## Work to complete
All that is wanted is the exact lines from the first line of the data below through the line with "doc.units = 0", both ends included, with pictures omitted.

## Supplied records
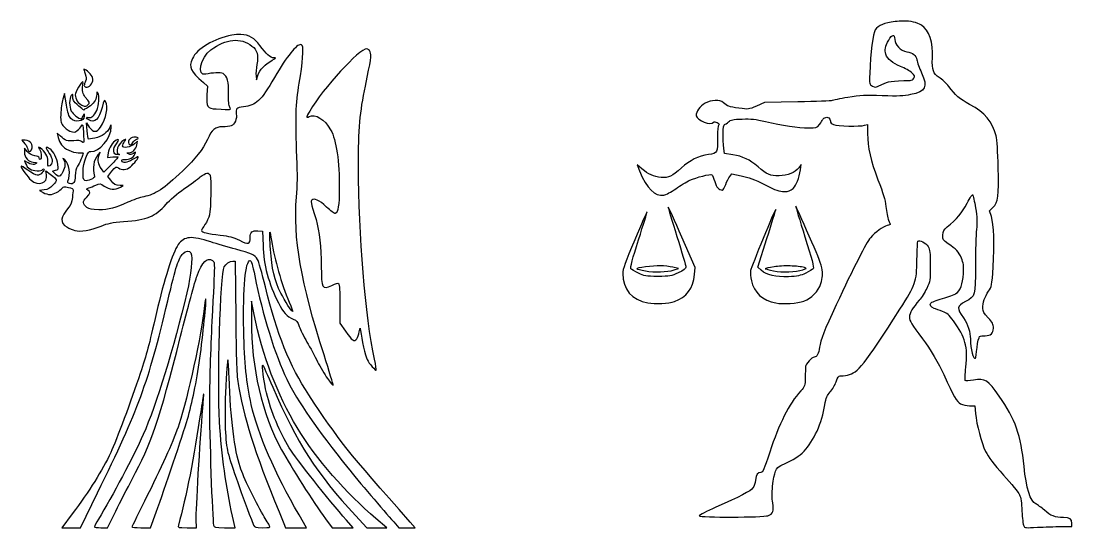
# Model space of a CAD drawing. Extents: x 43 to 173, y 96 to 196.
# Drawn here: x 113.4 to 172.5, y 132.3 to 160.8 of the extents above; entities that cross this region are included whole.
import ezdxf

# ---------------------------------------------------------------- set-up
doc = ezdxf.new("R2010")
doc.units = 0
doc.layers.add('Layer_1', color=7, linetype='CONTINUOUS')

msp = doc.modelspace()

# ---------------------------------------------------------------- linework, layer by layer
at = {"layer": 'Layer_1', "color": 7}
for points in [[(163.02688, 160.797461), (163.02688, 160.797461)], [(125.775201, 160.041744), (125.775201, 160.041744)], [(129.147536, 159.472891), (129.147536, 159.472891)], [(132.870442, 159.23752), (132.870442, 159.23752)], [(116.948591, 158.094853), (116.948591, 158.094853)], [(116.884648, 157.396464), (116.884648, 157.396464)], [(123.6668, 157.349059), (123.906029, 157.142353), (123.867443, 156.644604)], [(126.629033, 157.713964), (126.653284, 157.49127), (126.729355, 157.747034)], [(115.966325, 156.096147), (115.863246, 156.717917), (115.773398, 156.469869)], [(157.09966, 156.254344), (155.224426, 156.215759), (154.779596, 156.020077)], [(116.900082, 155.443508), (116.95741, 155.58627), (116.961268, 155.445713)], [(117.130491, 154.63377), (117.088048, 155.078603), (117.251206, 154.840478)], [(160.860051, 154.936939), (161.034786, 154.985448), (161.034786, 154.484943)], [(115.621263, 154.331155), (115.451489, 154.489355), (115.50606, 154.249023)], [(113.461602, 154.094131), (113.625864, 153.899002)], [(113.647911, 154.094131), (113.461602, 154.094131), (113.461602, 154.094131)], [(119.473156, 153.904514), (119.473706, 153.904514)], [(119.927356, 153.832305), (119.968699, 154.046175), (119.796718, 153.895694)], [(119.835303, 154.276584), (119.835303, 154.276584)], [(113.764218, 153.464092), (113.599956, 153.659223), (113.599956, 153.43598)], [(117.784231, 153.219905), (117.854236, 153.42716), (117.72856, 153.26841)], [(118.314501, 153.383616), (118.279774, 153.122891), (118.575226, 153.156515)], [(153.450617, 153.284395), (152.983737, 153.358812), (152.945152, 153.639931)], [(113.811073, 152.82248), (113.606021, 152.943194), (113.667204, 152.78224)], [(118.466085, 152.70562), (118.061492, 152.304887), (117.930854, 152.488992)], [(148.339748, 152.485134), (148.077369, 152.709481), (148.207456, 152.380404)], [(157.258964, 152.443243), (157.302508, 152.72877), (157.1625, 152.552382)], [(114.850113, 152.158264), (114.813732, 152.384812), (115.054064, 152.194092)], [(115.321952, 152.213385), (115.17974, 152.363868), (115.350617, 152.406862)], [(118.455612, 151.84848), (118.288043, 152.067865), (118.520656, 152.351188)], [(153.275882, 152.063454), (153.391085, 152.205669), (153.926314, 152.100386)], [(118.997456, 151.462631), (119.156206, 151.549172), (118.986983, 151.551376)], [(114.719475, 151.301124), (114.457096, 151.263092), (114.660494, 151.154501)], [(149.817006, 150.327127), (149.817006, 150.327127)], [(156.988315, 150.386659), (156.988315, 150.386659)], [(167.993328, 149.80678), (167.896314, 150.123176), (168.080422, 150.315)], [(126.739825, 149.002006), (126.998897, 148.982714), (127.022047, 148.188964)], [(122.886281, 148.618909), (122.886281, 148.618909)], [(127.402937, 148.932001), (127.402937, 148.932001)], [(151.294812, 146.540828), (151.331744, 146.950381), (150.583194, 148.647575)], [(155.051345, 146.785568), (154.849601, 146.965815), (155.366091, 148.576466)], [(125.321548, 147.299853), (125.457701, 147.299853), (125.491325, 144.108868)], [(149.368868, 147.039678), (149.368868, 147.039678)], [(150.144426, 146.802657), (150.397986, 146.878174), (150.080486, 146.955895)], [(156.677981, 147.028105), (156.677981, 147.028105)], [(123.806811, 145.178776), (123.806811, 145.178776)], [(126.373269, 145.045381), (126.368308, 143.96555)], [(126.521546, 144.307305), (126.373269, 145.045381), (126.373269, 145.045381)], [(131.350743, 144.888284), (131.350743, 143.817274), (131.659424, 143.365278)], [(125.043737, 141.739192), (125.043737, 141.739192)], [(133.167549, 141.36106), (133.16865, 141.36106)], [(130.647942, 140.705664), (130.647392, 140.705664)], [(123.680031, 139.822618), (123.680031, 139.822618)], [(166.769632, 139.171631), (167.056813, 139.171631), (167.099257, 138.743339)], [(116.286579, 133.091728), (115.698434, 132.313964), (116.225947, 132.313964), (116.752909, 132.313964), (117.711471, 134.266368)], [(117.903295, 132.313964), (118.2693, 132.313964), (118.733976, 133.250478)], [(120.156661, 132.313964), (120.69079, 132.313964), (121.014905, 133.194254)], [(128.188971, 132.552089), (128.287639, 132.313964), (128.876888, 132.313964), (129.465586, 132.313964), (129.051073, 133.028339)], [(122.261201, 132.456728), (122.260651, 132.456175)], [(122.752335, 132.31341), (123.283706, 132.31341), (123.263313, 132.782495)], [(124.861286, 132.313964), (125.452186, 132.313964), (125.305563, 132.964395)], [(130.544866, 132.806749), (130.544866, 132.806199), (130.903706, 132.315064), (131.497917, 132.314514), (132.091577, 132.313964), (131.715645, 132.742258)], [(132.223868, 132.996368), (132.857765, 132.313964), (133.424964, 132.313964), (133.992166, 132.313964), (133.368742, 132.837065)], [(134.375813, 132.640283), (134.669609, 132.313964), (135.125466, 132.313964), (135.580769, 132.313964), (135.306263, 132.623745)], [(171.909161, 132.377353), (172.528176, 132.377353), (172.528176, 132.554843)]]:
    msp.add_lwpolyline(points, dxfattribs=at)
for points in [[(161.463081, 160.311842), (161.333928, 160.134863), (161.190528, 159.003395), (161.150543, 157.844048)], [(162.577089, 160.767145), (161.974087, 160.693386), (161.642569, 160.557781), (161.463081, 160.311842)], [(163.02688, 160.797461), (162.884742, 160.796406), (162.734653, 160.786418), (162.577089, 160.767145)], [(164.058202, 160.566502), (163.805743, 160.722529), (163.45329, 160.800631), (163.02688, 160.797461)], [(164.678871, 158.703395), (164.72901, 159.609478), (164.501477, 160.292541), (164.058202, 160.566502)], [(125.271389, 159.997647), (124.266904, 159.815904), (123.295706, 159.242488), (123.049439, 158.685756)], [(124.08848, 159.178542), (124.954733, 159.816917), (125.751311, 159.891545), (126.401381, 159.39572)], [(125.775201, 160.041744), (125.623348, 160.046375), (125.456546, 160.031149), (125.271389, 159.997647)], [(126.851723, 159.42769), (126.553908, 159.836032), (126.230753, 160.027853), (125.775201, 160.041744)], [(162.054534, 158.940417), (161.971998, 159.158859), (162.016982, 159.37492), (162.219349, 159.729758)], [(162.219349, 159.729758), (162.412714, 160.068789), (162.558346, 160.086594), (162.558346, 159.771098)], [(162.558346, 159.771098), (162.558346, 159.467918), (162.87654, 159.138698), (163.229727, 159.076566)], [(123.800746, 157.806566), (123.275304, 157.67069), (123.500667, 158.745336), (124.08848, 159.178542)], [(126.401381, 159.39572), (126.697489, 159.169914), (126.773203, 158.890094), (126.680296, 158.362742)], [(127.619565, 158.727096), (127.434371, 158.730105), (127.213814, 158.931219), (126.851723, 159.42769)], [(129.147536, 159.472891), (128.907354, 159.499753), (128.378131, 158.84121), (127.665869, 157.619154)], [(129.057135, 157.301103), (129.250429, 158.455988), (129.319601, 159.292424), (129.232423, 159.418871)], [(129.232423, 159.418871), (129.210232, 159.451055), (129.181846, 159.469053), (129.147536, 159.472891)], [(132.870442, 159.23752), (132.434127, 159.23752), (130.406312, 157.036986), (129.646937, 155.739509)], [(132.783351, 157.145108), (133.088134, 158.591915), (133.128803, 158.892368), (133.044627, 159.077119)], [(133.044627, 159.077119), (133.004399, 159.16541), (132.926018, 159.23752), (132.870442, 159.23752)], [(163.229727, 159.076566), (163.602853, 159.010933), (163.753221, 158.890641), (163.800784, 158.619059)], [(123.049439, 158.685756), (122.832241, 158.194766), (122.928846, 157.985871), (123.6668, 157.349059)], [(126.729355, 157.747034), (126.815461, 158.037105), (127.160345, 158.398248), (127.537986, 158.593151)], [(127.537986, 158.593151), (127.777677, 158.716854), (127.782661, 158.724556), (127.619565, 158.727096)], [(162.88687, 158.249192), (162.413704, 158.439673), (162.16606, 158.645235), (162.054534, 158.940417)], [(163.800784, 158.619059), (163.823766, 158.487825), (163.94154, 158.158751), (164.062063, 157.887595)], [(165.057557, 157.62687), (164.725545, 157.821437), (164.643051, 158.056113), (164.678871, 158.703395)], [(116.948591, 158.094853), (116.928496, 158.094853), (116.957526, 157.980254), (117.012531, 157.84019)], [(117.435864, 157.620257), (117.400925, 157.75943), (117.056512, 158.094853), (116.948591, 158.094853)], [(124.775296, 157.841294), (124.636809, 157.915411), (124.154568, 157.898063), (123.800746, 157.806566)], [(126.680296, 158.362742), (126.638894, 158.12791), (126.615769, 157.836202), (126.629033, 157.713964)], [(163.52187, 157.89421), (163.419, 157.990304), (163.133326, 158.149977), (162.88687, 158.249192)], [(164.062063, 157.887595), (164.425938, 157.06897), (164.314748, 156.847691), (163.447456, 156.661692)], [(163.63983, 157.589388), (163.698357, 157.698752), (163.679465, 157.746992), (163.52187, 157.89421)], [(116.884648, 157.396464), (116.804412, 157.396464), (116.457456, 156.789423), (116.457456, 156.649015)], [(116.884648, 157.187551), (116.903556, 157.302297), (116.903274, 157.396464), (116.884648, 157.396464)], [(117.038989, 157.424576), (116.998631, 157.335983), (116.965676, 157.221762), (116.965676, 157.171016)], [(117.012531, 157.84019), (117.091976, 157.637676), (117.097353, 157.552671), (117.038989, 157.424576)], [(117.122773, 157.078964), (117.31982, 157.078964), (117.495526, 157.382502), (117.435864, 157.620257)], [(125.085077, 156.706893), (125.102688, 157.383761), (125.012334, 157.714438), (124.775296, 157.841294)], [(127.665869, 157.619154), (126.895174, 156.296864), (126.643313, 156.059791), (125.923477, 155.978187)], [(128.929254, 153.154861), (128.837306, 155.308378), (128.863107, 156.142181), (129.057135, 157.301103)], [(161.150543, 157.844048), (161.13002, 157.249135), (161.13123, 157.243217), (161.301577, 157.146762)], [(161.841214, 157.233302), (162.204262, 157.414833), (162.338839, 157.433686), (163.429267, 157.456546)], [(163.429267, 157.456546), (163.506624, 157.458166), (163.601629, 157.518003), (163.63983, 157.589388)], [(165.594992, 157.118099), (165.450461, 157.309536), (165.208647, 157.538323), (165.057557, 157.62687)], [(116.328472, 156.520031), (116.326553, 156.717784), (116.321222, 156.722503), (116.233112, 156.606021)], [(117.019146, 156.527197), (116.889409, 156.672225), (116.84031, 156.914267), (116.884648, 157.187551)], [(116.965676, 157.171016), (116.965676, 157.115192), (117.02772, 157.078964), (117.122773, 157.078964)], [(117.66517, 156.678781), (117.664634, 156.581002), (117.623737, 156.423618), (117.574771, 156.329311)], [(117.727456, 156.76091), (117.67962, 156.834909), (117.66517, 156.816895), (117.66517, 156.678781)], [(117.672886, 155.776993), (117.797148, 156.050156), (117.827843, 156.60557), (117.727456, 156.76091)], [(125.146813, 155.951728), (125.096888, 156.043437), (125.074917, 156.313817), (125.085077, 156.706893)], [(132.393092, 152.609709), (132.392273, 154.756266), (132.469944, 155.657461), (132.783351, 157.145108)], [(161.301577, 157.146762), (161.463045, 157.055339), (161.495393, 157.060388), (161.841214, 157.233302)], [(166.771836, 156.114336), (166.206698, 156.418504), (165.972594, 156.617968), (165.594992, 157.118099)], [(115.773398, 156.469869), (115.724178, 156.333313), (115.669359, 155.978494), (115.651579, 155.681631)], [(116.211062, 155.324444), (116.10664, 155.435578), (116.042638, 155.637212), (115.966325, 156.096147)], [(116.233112, 156.606021), (116.111136, 156.444788), (116.113755, 155.979352), (116.238074, 155.738958)], [(116.822361, 155.875108), (116.34882, 156.290017), (116.331294, 156.314212), (116.328472, 156.520031)], [(116.457456, 156.649015), (116.457456, 156.428947), (116.646895, 156.137987), (116.835592, 156.068585)], [(116.835592, 156.068585), (117.06072, 155.985779), (117.070649, 155.986679), (117.185062, 156.101106)], [(117.185062, 156.101106), (117.292758, 156.208796), (117.283927, 156.231241), (117.019146, 156.527197)], [(117.574771, 156.329311), (117.483303, 156.153238), (117.149623, 155.872353), (117.031824, 155.872353)], [(117.882899, 154.840478), (118.203559, 155.326265), (118.32752, 155.963497), (118.161263, 156.273086)], [(118.161263, 156.273086), (118.09415, 156.398015), (118.07481, 156.365226), (117.969992, 155.939601)], [(123.867443, 156.644604), (123.816672, 155.986306), (123.881346, 155.887212), (124.380625, 155.855815)], [(151.886818, 156.179931), (151.594439, 156.015604), (151.363965, 155.687537), (151.394033, 155.478233)], [(152.922551, 156.209697), (152.725264, 156.387293), (152.230836, 156.373281), (151.886818, 156.179931)], [(153.794023, 155.899362), (153.223575, 155.978531), (153.151521, 156.003587), (152.922551, 156.209697)], [(159.036631, 156.329861), (159.002925, 156.309191), (158.131169, 156.27537), (157.09966, 156.254344)], [(159.920229, 156.504596), (159.467917, 156.429288), (159.070334, 156.35052), (159.036631, 156.329861)], [(161.857202, 156.600507), (160.886191, 156.636191), (160.636805, 156.623908), (159.920229, 156.504596)], [(163.447456, 156.661692), (163.062248, 156.579089), (162.758546, 156.567382), (161.857202, 156.600507)], [(168.256258, 154.348243), (168.055242, 155.146258), (167.629524, 155.652706), (166.771836, 156.114336)], [(115.651579, 155.681631), (115.621918, 155.189062), (115.632323, 155.122822), (115.76954, 154.922058)], [(116.238074, 155.738958), (116.32624, 155.568468), (116.664791, 155.301308), (116.793145, 155.300743)], [(116.965676, 155.811168), (116.965676, 155.77749), (116.900932, 155.806237), (116.822361, 155.875108)], [(117.031824, 155.872353), (116.995473, 155.872353), (116.965676, 155.844845), (116.965676, 155.811168)], [(117.969992, 155.939601), (117.80684, 155.277031), (117.564967, 155.052473), (117.215378, 155.239558)], [(117.219786, 155.382323), (117.38658, 155.338708), (117.530561, 155.464139), (117.672886, 155.776993)], [(124.380625, 155.855815), (125.283623, 155.799038), (125.233625, 155.792724), (125.146813, 155.951728)], [(125.519987, 155.576901), (125.564606, 155.301985), (125.430466, 154.987609), (125.237765, 154.914342)], [(125.923477, 155.978187), (125.531894, 155.933785), (125.471812, 155.873719), (125.519987, 155.576901)], [(129.646937, 155.739509), (129.441423, 155.388368), (129.435253, 155.337856), (129.610005, 155.431381)], [(129.610005, 155.431381), (129.947797, 155.612156), (130.508553, 155.267481), (130.824331, 154.685036)], [(154.779596, 156.020077), (154.336197, 155.824587), (154.334204, 155.824393), (153.794023, 155.899362)], [(115.76954, 154.922058), (115.855787, 154.795837), (116.022402, 154.663133), (116.160352, 154.61062)], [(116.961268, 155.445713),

## Answer box
# Model space of a CAD drawing. Extents: x 43 to 173, y 96 to 196.
# Drawn here: x 113.4 to 172.5, y 132.3 to 160.8 of the extents above; entities that cross this region are included whole.
import ezdxf

# ---------------------------------------------------------------- set-up
doc = ezdxf.new("R2010")
doc.units = 0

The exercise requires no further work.